* _Aim of the exercise_
Nothing but the lines below, from the first through the line containing "#3=PRODUCT_CONTEXT('',#1,'mechanical');", should be set down, each one exactly and without pictures.
Material shown START
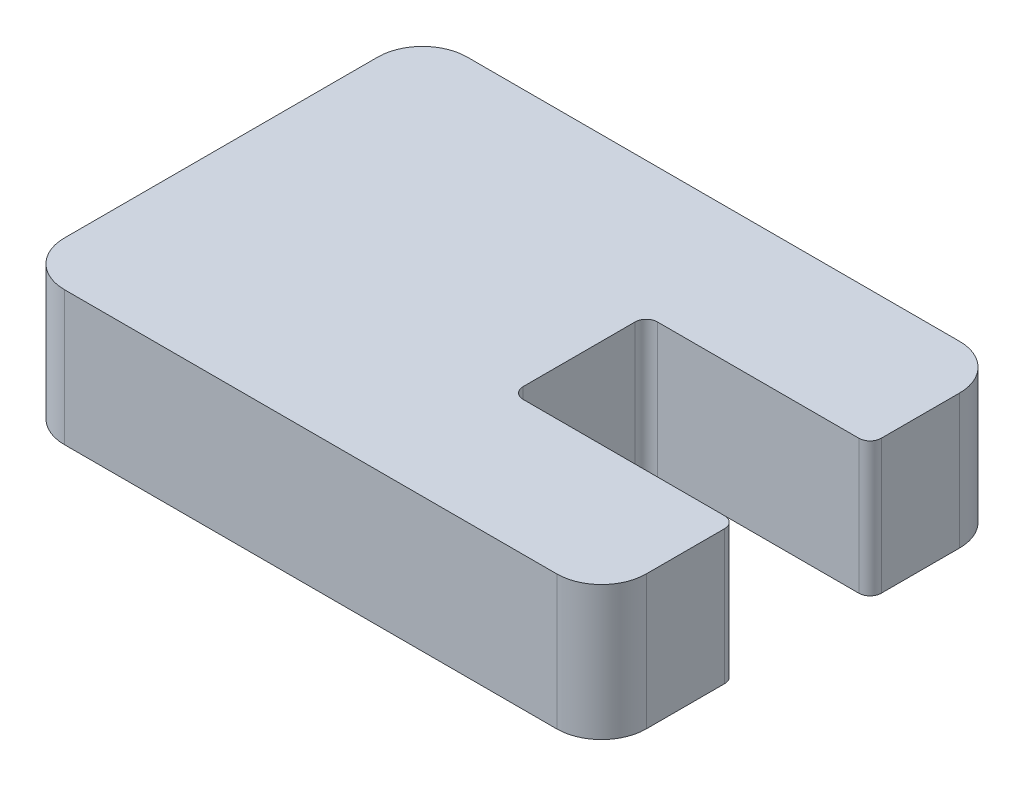
ISO-10303-21;
HEADER;
FILE_DESCRIPTION(('STEP AP214'),'2;1');
FILE_NAME('part.step','',(''),(''),'','','');
FILE_SCHEMA(('AUTOMOTIVE_DESIGN { 1 0 10303 214 1 1 1 1 }'));
ENDSEC;
DATA;
#1=APPLICATION_CONTEXT('core data for automotive mechanical design processes');
#2=APPLICATION_PROTOCOL_DEFINITION('international standard','automotive_design',2000,#1);
#3=PRODUCT_CONTEXT('',#1,'mechanical');
#4=PRODUCT('Part','Part','',(#3));
#5=PRODUCT_RELATED_PRODUCT_CATEGORY('part','',(#4));
#6=PRODUCT_DEFINITION_FORMATION('','',#4);
#7=PRODUCT_DEFINITION_CONTEXT('part definition',#1,'design');
#8=PRODUCT_DEFINITION('design','',#6,#7);
#9=PRODUCT_DEFINITION_SHAPE('','',#8);
#10=(LENGTH_UNIT() NAMED_UNIT(*) SI_UNIT(.MILLI.,.METRE.));
#11=(NAMED_UNIT(*) PLANE_ANGLE_UNIT() SI_UNIT($,.RADIAN.));
#12=(NAMED_UNIT(*) SI_UNIT($,.STERADIAN.) SOLID_ANGLE_UNIT());
#13=UNCERTAINTY_MEASURE_WITH_UNIT(LENGTH_MEASURE(1.E-05),#10,'distance_accuracy_value','');
#14=(GEOMETRIC_REPRESENTATION_CONTEXT(3) GLOBAL_UNCERTAINTY_ASSIGNED_CONTEXT((#13)) GLOBAL_UNIT_ASSIGNED_CONTEXT((#10,
#11,#12)) REPRESENTATION_CONTEXT('',''));
#15=CARTESIAN_POINT('',(0.,0.,0.));
#16=DIRECTION('',(0.,0.,1.));
#17=DIRECTION('',(1.,0.,0.));
#18=AXIS2_PLACEMENT_3D('',#15,#16,#17);
#19=CARTESIAN_POINT('',(12.,3.,3.5));
#20=DIRECTION('',(0.,-1.,0.));
#21=DIRECTION('',(0.,0.,-1.));
#22=AXIS2_PLACEMENT_3D('',#19,#20,#21);
#23=CYLINDRICAL_SURFACE('',#22,1.);
#24=CARTESIAN_POINT('',(12.,0.,3.5));
#25=DIRECTION('',(0.,1.,0.));
#26=DIRECTION('',(0.,0.,1.));
#27=AXIS2_PLACEMENT_3D('',#24,#25,#26);
#28=CIRCLE('',#27,1.);
#29=CARTESIAN_POINT('',(12.,0.,4.5));
#30=VERTEX_POINT('',#29);
#31=CARTESIAN_POINT('',(13.,0.,3.5));
#32=VERTEX_POINT('',#31);
#33=EDGE_CURVE('E170',#30,#32,#28,.T.);
#34=ORIENTED_EDGE('',*,*,#33,.T.);
#35=DIRECTION('',(0.,-1.,0.));
#36=VECTOR('',#35,1.);
#37=CARTESIAN_POINT('',(13.,3.,3.5));
#38=LINE('',#37,#36);
#39=CARTESIAN_POINT('',(13.,3.,3.5));
#40=VERTEX_POINT('',#39);
#41=EDGE_CURVE('E152',#40,#32,#38,.T.);
#42=ORIENTED_EDGE('',*,*,#41,.F.);
#43=CARTESIAN_POINT('',(12.,3.,3.5));
#44=DIRECTION('',(0.,1.,0.));
#45=DIRECTION('',(0.,0.,1.));
#46=AXIS2_PLACEMENT_3D('',#43,#44,#45);
#47=CIRCLE('',#46,1.);
#48=CARTESIAN_POINT('',(12.,3.,4.5));
#49=VERTEX_POINT('',#48);
#50=EDGE_CURVE('E158',#49,#40,#47,.T.);
#51=ORIENTED_EDGE('',*,*,#50,.F.);
#52=DIRECTION('',(0.,-1.,0.));
#53=VECTOR('',#52,1.);
#54=CARTESIAN_POINT('',(12.,3.,4.5));
#55=LINE('',#54,#53);
#56=EDGE_CURVE('E245',#49,#30,#55,.T.);
#57=ORIENTED_EDGE('',*,*,#56,.T.);
#58=EDGE_LOOP('',(#34,#42,#51,#57));
#59=FACE_BOUND('',#58,.T.);
#60=ADVANCED_FACE('F33',(#59),#23,.T.);
#61=CARTESIAN_POINT('',(13.,3.,3.5));
#62=DIRECTION('',(-1.,0.,0.));
#63=DIRECTION('',(0.,0.,1.));
#64=AXIS2_PLACEMENT_3D('',#61,#62,#63);
#65=PLANE('',#64);
#66=DIRECTION('',(0.,0.,-1.));
#67=VECTOR('',#66,1.);
#68=CARTESIAN_POINT('',(13.,0.,3.5));
#69=LINE('',#68,#67);
#70=CARTESIAN_POINT('',(13.,0.,1.75));
#71=VERTEX_POINT('',#70);
#72=EDGE_CURVE('E247',#32,#71,#69,.T.);
#73=ORIENTED_EDGE('',*,*,#72,.T.);
#74=DIRECTION('',(0.,-1.,0.));
#75=VECTOR('',#74,1.);
#76=CARTESIAN_POINT('',(13.,3.,1.75));
#77=LINE('',#76,#75);
#78=CARTESIAN_POINT('',(13.,3.,1.75));
#79=VERTEX_POINT('',#78);
#80=EDGE_CURVE('E155',#71,#79,#77,.F.);
#81=ORIENTED_EDGE('',*,*,#80,.T.);
#82=DIRECTION('',(0.,0.,-1.));
#83=VECTOR('',#82,1.);
#84=CARTESIAN_POINT('',(13.,3.,3.5));
#85=LINE('',#84,#83);
#86=EDGE_CURVE('E147',#40,#79,#85,.T.);
#87=ORIENTED_EDGE('',*,*,#86,.F.);
#88=ORIENTED_EDGE('',*,*,#41,.T.);
#89=EDGE_LOOP('',(#73,#81,#87,#88));
#90=FACE_BOUND('',#89,.T.);
#91=ADVANCED_FACE('F150',(#90),#65,.F.);
#92=CARTESIAN_POINT('',(13.,3.,1.5));
#93=DIRECTION('',(0.,0.,1.));
#94=DIRECTION('',(1.,0.,0.));
#95=AXIS2_PLACEMENT_3D('',#92,#93,#94);
#96=PLANE('',#95);
#97=DIRECTION('',(-1.,0.,0.));
#98=VECTOR('',#97,1.);
#99=CARTESIAN_POINT('',(13.,3.,1.5));
#100=LINE('',#99,#98);
#101=CARTESIAN_POINT('',(12.75,3.,1.5));
#102=VERTEX_POINT('',#101);
#103=CARTESIAN_POINT('',(8.24999999999999,3.,1.5));
#104=VERTEX_POINT('',#103);
#105=EDGE_CURVE('E157',#102,#104,#100,.T.);
#106=ORIENTED_EDGE('',*,*,#105,.F.);
#107=DIRECTION('',(0.,-1.,0.));
#108=VECTOR('',#107,1.);
#109=CARTESIAN_POINT('',(12.75,3.,1.5));
#110=LINE('',#109,#108);
#111=CARTESIAN_POINT('',(12.75,0.,1.5));
#112=VERTEX_POINT('',#111);
#113=EDGE_CURVE('E174',#102,#112,#110,.T.);
#114=ORIENTED_EDGE('',*,*,#113,.T.);
#115=DIRECTION('',(-1.,0.,0.));
#116=VECTOR('',#115,1.);
#117=CARTESIAN_POINT('',(13.,0.,1.5));
#118=LINE('',#117,#116);
#119=CARTESIAN_POINT('',(8.24999999999999,0.,1.5));
#120=VERTEX_POINT('',#119);
#121=EDGE_CURVE('E222',#112,#120,#118,.T.);
#122=ORIENTED_EDGE('',*,*,#121,.T.);
#123=DIRECTION('',(0.,-1.,0.));
#124=VECTOR('',#123,1.);
#125=CARTESIAN_POINT('',(8.24999999999999,3.,1.5));
#126=LINE('',#125,#124);
#127=EDGE_CURVE('E171',#120,#104,#126,.F.);
#128=ORIENTED_EDGE('',*,*,#127,.T.);
#129=EDGE_LOOP('',(#106,#114,#122,#128));
#130=FACE_BOUND('',#129,.T.);
#131=ADVANCED_FACE('F324',(#130),#96,.F.);
#132=CARTESIAN_POINT('',(7.99999999999999,3.,1.5));
#133=DIRECTION('',(-1.,0.,0.));
#134=DIRECTION('',(0.,0.,1.));
#135=AXIS2_PLACEMENT_3D('',#132,#133,#134);
#136=PLANE('',#135);
#137=DIRECTION('',(0.,0.,-1.));
#138=VECTOR('',#137,1.);
#139=CARTESIAN_POINT('',(7.99999999999999,3.,1.5));
#140=LINE('',#139,#138);
#141=CARTESIAN_POINT('',(7.99999999999999,3.,1.25));
#142=VERTEX_POINT('',#141);
#143=CARTESIAN_POINT('',(7.99999999999999,3.,-1.25));
#144=VERTEX_POINT('',#143);
#145=EDGE_CURVE('E226',#142,#144,#140,.T.);
#146=ORIENTED_EDGE('',*,*,#145,.F.);
#147=DIRECTION('',(0.,-1.,0.));
#148=VECTOR('',#147,1.);
#149=CARTESIAN_POINT('',(7.99999999999999,0.,1.25));
#150=LINE('',#149,#148);
#151=CARTESIAN_POINT('',(7.99999999999999,0.,1.25));
#152=VERTEX_POINT('',#151);
#153=EDGE_CURVE('E200',#142,#152,#150,.T.);
#154=ORIENTED_EDGE('',*,*,#153,.T.);
#155=DIRECTION('',(0.,0.,-1.));
#156=VECTOR('',#155,1.);
#157=CARTESIAN_POINT('',(7.99999999999999,0.,1.5));
#158=LINE('',#157,#156);
#159=CARTESIAN_POINT('',(7.99999999999999,0.,-1.25));
#160=VERTEX_POINT('',#159);
#161=EDGE_CURVE('E212',#152,#160,#158,.T.);
#162=ORIENTED_EDGE('',*,*,#161,.T.);
#163=DIRECTION('',(0.,-1.,0.));
#164=VECTOR('',#163,1.);
#165=CARTESIAN_POINT('',(7.99999999999999,3.,-1.25));
#166=LINE('',#165,#164);
#167=EDGE_CURVE('E198',#160,#144,#166,.F.);
#168=ORIENTED_EDGE('',*,*,#167,.T.);
#169=EDGE_LOOP('',(#146,#154,#162,#168));
#170=FACE_BOUND('',#169,.T.);
#171=ADVANCED_FACE('F219',(#170),#136,.F.);
#172=CARTESIAN_POINT('',(7.99999999999999,3.,-1.5));
#173=DIRECTION('',(0.,0.,-1.));
#174=DIRECTION('',(-1.,0.,0.));
#175=AXIS2_PLACEMENT_3D('',#172,#173,#174);
#176=PLANE('',#175);
#177=DIRECTION('',(1.,0.,0.));
#178=VECTOR('',#177,1.);
#179=CARTESIAN_POINT('',(7.99999999999999,0.,-1.5));
#180=LINE('',#179,#178);
#181=CARTESIAN_POINT('',(8.24999999999999,0.,-1.5));
#182=VERTEX_POINT('',#181);
#183=CARTESIAN_POINT('',(12.75,0.,-1.5));
#184=VERTEX_POINT('',#183);
#185=EDGE_CURVE('E213',#182,#184,#180,.T.);
#186=ORIENTED_EDGE('',*,*,#185,.T.);
#187=DIRECTION('',(0.,-1.,0.));
#188=VECTOR('',#187,1.);
#189=CARTESIAN_POINT('',(12.75,3.,-1.5));
#190=LINE('',#189,#188);
#191=CARTESIAN_POINT('',(12.75,3.,-1.5));
#192=VERTEX_POINT('',#191);
#193=EDGE_CURVE('E56',#184,#192,#190,.F.);
#194=ORIENTED_EDGE('',*,*,#193,.T.);
#195=DIRECTION('',(1.,0.,0.));
#196=VECTOR('',#195,1.);
#197=CARTESIAN_POINT('',(7.99999999999999,3.,-1.5));
#198=LINE('',#197,#196);
#199=CARTESIAN_POINT('',(8.24999999999999,3.,-1.5));
#200=VERTEX_POINT('',#199);
#201=EDGE_CURVE('E225',#200,#192,#198,.T.);
#202=ORIENTED_EDGE('',*,*,#201,.F.);
#203=DIRECTION('',(0.,-1.,0.));
#204=VECTOR('',#203,1.);
#205=CARTESIAN_POINT('',(8.24999999999999,0.,-1.5));
#206=LINE('',#205,#204);
#207=EDGE_CURVE('E194',#200,#182,#206,.T.);
#208=ORIENTED_EDGE('',*,*,#207,.T.);
#209=EDGE_LOOP('',(#186,#194,#202,#208));
#210=FACE_BOUND('',#209,.T.);
#211=ADVANCED_FACE('F227',(#210),#176,.F.);
#212=CARTESIAN_POINT('',(13.,3.,-1.5));
#213=DIRECTION('',(-1.,0.,0.));
#214=DIRECTION('',(0.,0.,1.));
#215=AXIS2_PLACEMENT_3D('',#212,#213,#214);
#216=PLANE('',#215);
#217=DIRECTION('',(0.,0.,-1.));
#218=VECTOR('',#217,1.);
#219=CARTESIAN_POINT('',(13.,3.,-1.5));
#220=LINE('',#219,#218);
#221=CARTESIAN_POINT('',(13.,3.,-1.75));
#222=VERTEX_POINT('',#221);
#223=CARTESIAN_POINT('',(13.,3.,-3.5));
#224=VERTEX_POINT('',#223);
#225=EDGE_CURVE('E228',#222,#224,#220,.T.);
#226=ORIENTED_EDGE('',*,*,#225,.F.);
#227=DIRECTION('',(0.,-1.,0.));
#228=VECTOR('',#227,1.);
#229=CARTESIAN_POINT('',(13.,3.,-1.75));
#230=LINE('',#229,#228);
#231=CARTESIAN_POINT('',(13.,0.,-1.75));
#232=VERTEX_POINT('',#231);
#233=EDGE_CURVE('E191',#222,#232,#230,.T.);
#234=ORIENTED_EDGE('',*,*,#233,.T.);
#235=DIRECTION('',(0.,0.,-1.));
#236=VECTOR('',#235,1.);
#237=CARTESIAN_POINT('',(13.,0.,-1.5));
#238=LINE('',#237,#236);
#239=CARTESIAN_POINT('',(13.,0.,-3.5));
#240=VERTEX_POINT('',#239);
#241=EDGE_CURVE('E252',#232,#240,#238,.T.);
#242=ORIENTED_EDGE('',*,*,#241,.T.);
#243=DIRECTION('',(0.,-1.,0.));
#244=VECTOR('',#243,1.);
#245=CARTESIAN_POINT('',(13.,3.,-3.5));
#246=LINE('',#245,#244);
#247=EDGE_CURVE('E172',#224,#240,#246,.T.);
#248=ORIENTED_EDGE('',*,*,#247,.F.);
#249=EDGE_LOOP('',(#226,#234,#242,#248));
#250=FACE_BOUND('',#249,.T.);
#251=ADVANCED_FACE('F304',(#250),#216,.F.);
#252=CARTESIAN_POINT('',(12.,3.,-3.5));
#253=DIRECTION('',(0.,-1.,0.));
#254=DIRECTION('',(0.,0.,-1.));
#255=AXIS2_PLACEMENT_3D('',#252,#253,#254);
#256=CYLINDRICAL_SURFACE('',#255,1.);
#257=CARTESIAN_POINT('',(12.,0.,-3.5));
#258=DIRECTION('',(0.,1.,0.));
#259=DIRECTION('',(0.,0.,1.));
#260=AXIS2_PLACEMENT_3D('',#257,#258,#259);
#261=CIRCLE('',#260,1.);
#262=CARTESIAN_POINT('',(12.,0.,-4.5));
#263=VERTEX_POINT('',#262);
#264=EDGE_CURVE('E254',#240,#263,#261,.T.);
#265=ORIENTED_EDGE('',*,*,#264,.T.);
#266=DIRECTION('',(0.,-1.,0.));
#267=VECTOR('',#266,1.);
#268=CARTESIAN_POINT('',(12.,3.,-4.5));
#269=LINE('',#268,#267);
#270=CARTESIAN_POINT('',(12.,3.,-4.5));
#271=VERTEX_POINT('',#270);
#272=EDGE_CURVE('E177',#271,#263,#269,.T.);
#273=ORIENTED_EDGE('',*,*,#272,.F.);
#274=CARTESIAN_POINT('',(12.,3.,-3.5));
#275=DIRECTION('',(0.,1.,0.));
#276=DIRECTION('',(0.,0.,1.));
#277=AXIS2_PLACEMENT_3D('',#274,#275,#276);
#278=CIRCLE('',#277,1.);
#279=EDGE_CURVE('E230',#224,#271,#278,.T.);
#280=ORIENTED_EDGE('',*,*,#279,.F.);
#281=ORIENTED_EDGE('',*,*,#247,.T.);
#282=EDGE_LOOP('',(#265,#273,#280,#281));
#283=FACE_BOUND('',#282,.T.);
#284=ADVANCED_FACE('F302',(#283),#256,.T.);
#285=CARTESIAN_POINT('',(12.,3.,-4.5));
#286=DIRECTION('',(0.,0.,1.));
#287=DIRECTION('',(1.,0.,0.));
#288=AXIS2_PLACEMENT_3D('',#285,#286,#287);
#289=PLANE('',#288);
#290=DIRECTION('',(-1.,0.,0.));
#291=VECTOR('',#290,1.);
#292=CARTESIAN_POINT('',(12.,0.,-4.5));
#293=LINE('',#292,#291);
#294=CARTESIAN_POINT('',(1.,0.,-4.5));
#295=VERTEX_POINT('',#294);
#296=EDGE_CURVE('E256',#263,#295,#293,.T.);
#297=ORIENTED_EDGE('',*,*,#296,.T.);
#298=DIRECTION('',(0.,-1.,0.));
#299=VECTOR('',#298,1.);
#300=CARTESIAN_POINT('',(1.,3.,-4.5));
#301=LINE('',#300,#299);
#302=CARTESIAN_POINT('',(1.,3.,-4.5));
#303=VERTEX_POINT('',#302);
#304=EDGE_CURVE('E275',#303,#295,#301,.T.);
#305=ORIENTED_EDGE('',*,*,#304,.F.);
#306=DIRECTION('',(-1.,0.,0.));
#307=VECTOR('',#306,1.);
#308=CARTESIAN_POINT('',(12.,3.,-4.5));
#309=LINE('',#308,#307);
#310=EDGE_CURVE('E236',#271,#303,#309,.T.);
#311=ORIENTED_EDGE('',*,*,#310,.F.);
#312=ORIENTED_EDGE('',*,*,#272,.T.);
#313=EDGE_LOOP('',(#297,#305,#311,#312));
#314=FACE_BOUND('',#313,.T.);
#315=ADVANCED_FACE('F282',(#314),#289,.F.);
#316=CARTESIAN_POINT('',(1.,3.,-3.5));
#317=DIRECTION('',(0.,-1.,0.));
#318=DIRECTION('',(0.,0.,-1.));
#319=AXIS2_PLACEMENT_3D('',#316,#317,#318);
#320=CYLINDRICAL_SURFACE('',#319,1.);
#321=CARTESIAN_POINT('',(1.,0.,-3.5));
#322=DIRECTION('',(0.,1.,0.));
#323=DIRECTION('',(0.,0.,-1.));
#324=AXIS2_PLACEMENT_3D('',#321,#322,#323);
#325=CIRCLE('',#324,1.);
#326=CARTESIAN_POINT('',(0.,0.,-3.5));
#327=VERTEX_POINT('',#326);
#328=EDGE_CURVE('E258',#295,#327,#325,.T.);
#329=ORIENTED_EDGE('',*,*,#328,.T.);
#330=DIRECTION('',(0.,-1.,0.));
#331=VECTOR('',#330,1.);
#332=CARTESIAN_POINT('',(0.,3.,-3.5));
#333=LINE('',#332,#331);
#334=CARTESIAN_POINT('',(0.,3.,-3.5));
#335=VERTEX_POINT('',#334);
#336=EDGE_CURVE('E272',#335,#327,#333,.T.);
#337=ORIENTED_EDGE('',*,*,#336,.F.);
#338=CARTESIAN_POINT('',(1.,3.,-3.5));
#339=DIRECTION('',(0.,1.,0.));
#340=DIRECTION('',(0.,0.,-1.));
#341=AXIS2_PLACEMENT_3D('',#338,#339,#340);
#342=CIRCLE('',#341,1.);
#343=EDGE_CURVE('E238',#303,#335,#342,.T.);
#344=ORIENTED_EDGE('',*,*,#343,.F.);
#345=ORIENTED_EDGE('',*,*,#304,.T.);
#346=EDGE_LOOP('',(#329,#337,#344,#345));
#347=FACE_BOUND('',#346,.T.);
#348=ADVANCED_FACE('F293',(#347),#320,.T.);
#349=CARTESIAN_POINT('',(0.,3.,-3.5));
#350=DIRECTION('',(1.,0.,0.));
#351=DIRECTION('',(0.,0.,-1.));
#352=AXIS2_PLACEMENT_3D('',#349,#350,#351);
#353=PLANE('',#352);
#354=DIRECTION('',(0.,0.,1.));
Material shown END
* _Expected output_
ISO-10303-21;
HEADER;
FILE_DESCRIPTION(('STEP AP214'),'2;1');
FILE_NAME('part.step','',(''),(''),'','','');
FILE_SCHEMA(('AUTOMOTIVE_DESIGN { 1 0 10303 214 1 1 1 1 }'));
ENDSEC;
DATA;
#1=APPLICATION_CONTEXT('core data for automotive mechanical design processes');
#2=APPLICATION_PROTOCOL_DEFINITION('international standard','automotive_design',2000,#1);
#3=PRODUCT_CONTEXT('',#1,'mechanical');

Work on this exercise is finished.